My husband taught me what true love was. Years of abuse warped relationships for me and he has gently showed me that it is okay to trust. He loves me for who I am, while encouraging me to be the best woman I can be. I received a wonderful compliment today, about how much he admired my strength. That meant a lot to me, since I have always felt that my husband is out of my league. It's time for me to accept the gifts in my life, instead of letting low self esteem take the joy away.

I have been blessed with wonderfully supportive in laws. They are just happy that their son is married; my race makes no difference to them. I can't wait to see them in a few days. 

We will have dinner tonight, watch our wedding video and go through our memory box. A bottle of champagne was one of our wedding gifts and we saved it for this special day. I know a first anniversary is not seen as a big milestone, like the way a 10th or a 25th is. I hope that this will be the first of many.

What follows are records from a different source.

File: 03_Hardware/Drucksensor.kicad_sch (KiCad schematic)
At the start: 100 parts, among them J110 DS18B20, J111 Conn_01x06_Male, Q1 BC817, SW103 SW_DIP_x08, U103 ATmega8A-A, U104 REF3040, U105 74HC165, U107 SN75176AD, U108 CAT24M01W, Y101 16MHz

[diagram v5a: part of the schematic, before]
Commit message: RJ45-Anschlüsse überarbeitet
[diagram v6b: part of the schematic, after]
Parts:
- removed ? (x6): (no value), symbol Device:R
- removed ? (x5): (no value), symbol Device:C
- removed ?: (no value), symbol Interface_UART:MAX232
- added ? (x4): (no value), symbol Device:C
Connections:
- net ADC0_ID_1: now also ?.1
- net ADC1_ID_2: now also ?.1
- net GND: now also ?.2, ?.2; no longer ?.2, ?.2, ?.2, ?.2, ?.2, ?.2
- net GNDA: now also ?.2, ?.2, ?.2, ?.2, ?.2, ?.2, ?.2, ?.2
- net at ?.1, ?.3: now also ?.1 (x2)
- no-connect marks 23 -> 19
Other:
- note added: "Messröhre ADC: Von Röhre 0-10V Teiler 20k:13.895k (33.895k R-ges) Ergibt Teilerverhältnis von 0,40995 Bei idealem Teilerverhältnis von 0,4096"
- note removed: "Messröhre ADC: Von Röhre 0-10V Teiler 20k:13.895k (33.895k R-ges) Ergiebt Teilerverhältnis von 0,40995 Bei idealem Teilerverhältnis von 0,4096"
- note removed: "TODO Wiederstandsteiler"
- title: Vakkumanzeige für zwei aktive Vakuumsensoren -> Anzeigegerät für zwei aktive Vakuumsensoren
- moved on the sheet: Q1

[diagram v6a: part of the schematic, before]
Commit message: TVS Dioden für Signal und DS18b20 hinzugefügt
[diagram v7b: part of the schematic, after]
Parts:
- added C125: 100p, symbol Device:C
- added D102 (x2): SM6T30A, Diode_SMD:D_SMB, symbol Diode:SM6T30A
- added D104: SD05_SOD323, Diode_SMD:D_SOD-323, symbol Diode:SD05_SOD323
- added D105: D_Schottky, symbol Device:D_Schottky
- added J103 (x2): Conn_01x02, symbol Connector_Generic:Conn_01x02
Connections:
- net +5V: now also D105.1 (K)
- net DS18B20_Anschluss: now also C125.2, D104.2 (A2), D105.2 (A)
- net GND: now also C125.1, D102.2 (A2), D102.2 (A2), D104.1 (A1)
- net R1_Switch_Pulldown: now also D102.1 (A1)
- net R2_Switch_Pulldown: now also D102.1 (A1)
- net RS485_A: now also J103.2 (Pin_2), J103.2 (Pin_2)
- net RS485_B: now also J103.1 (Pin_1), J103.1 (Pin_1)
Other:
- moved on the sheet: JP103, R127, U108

Raise a glass, my beloved TAM members.:toast: Please give any advice you have about staying married.


----------



## SimplyAmorous (Nov 25, 2009)

Hey, at least your HoneyMoon was "heavenly". Let me tell you about mine, this is really one of the stupidest things we ever did on our life. We had this HUGE wedding -over 350 people , almost ran out of food and everything. 

It was Greand, the night went SOOOO fast. We even helped clean up afterwards. We did everything a little odd. Set out the next day to go to this place we seen advertised on TV, a couple hours drive, back then no internet, we didn't know Prices etc...... we get there the next day ...after we enjoyed eating out, a nearby beautiful park, at least we took some lovely pictures of ourselves, in one I am holding a duck , so I am happy for these memories at least. 

Then....we get to this place, we hear the prices at the desk to stay, we look at each other..... we were shocked I guess ......and we walked back out and drove home! We were always a bit cheap, but that just takes the cake!

I always felt bad about this, so we made up for it ....after we had 4 kids, we went back there, he had a better job, we allowed ourselves to start splurging more so - and spend a couple nights. ha ha

So we had the grand wedding and screwed our own Honeymoon into the ground, not cause we didn't have the $$, just being stupid, it was more my fault than his. Usually is. 

Here is something short & sweet I added on another thread to newlyweds .....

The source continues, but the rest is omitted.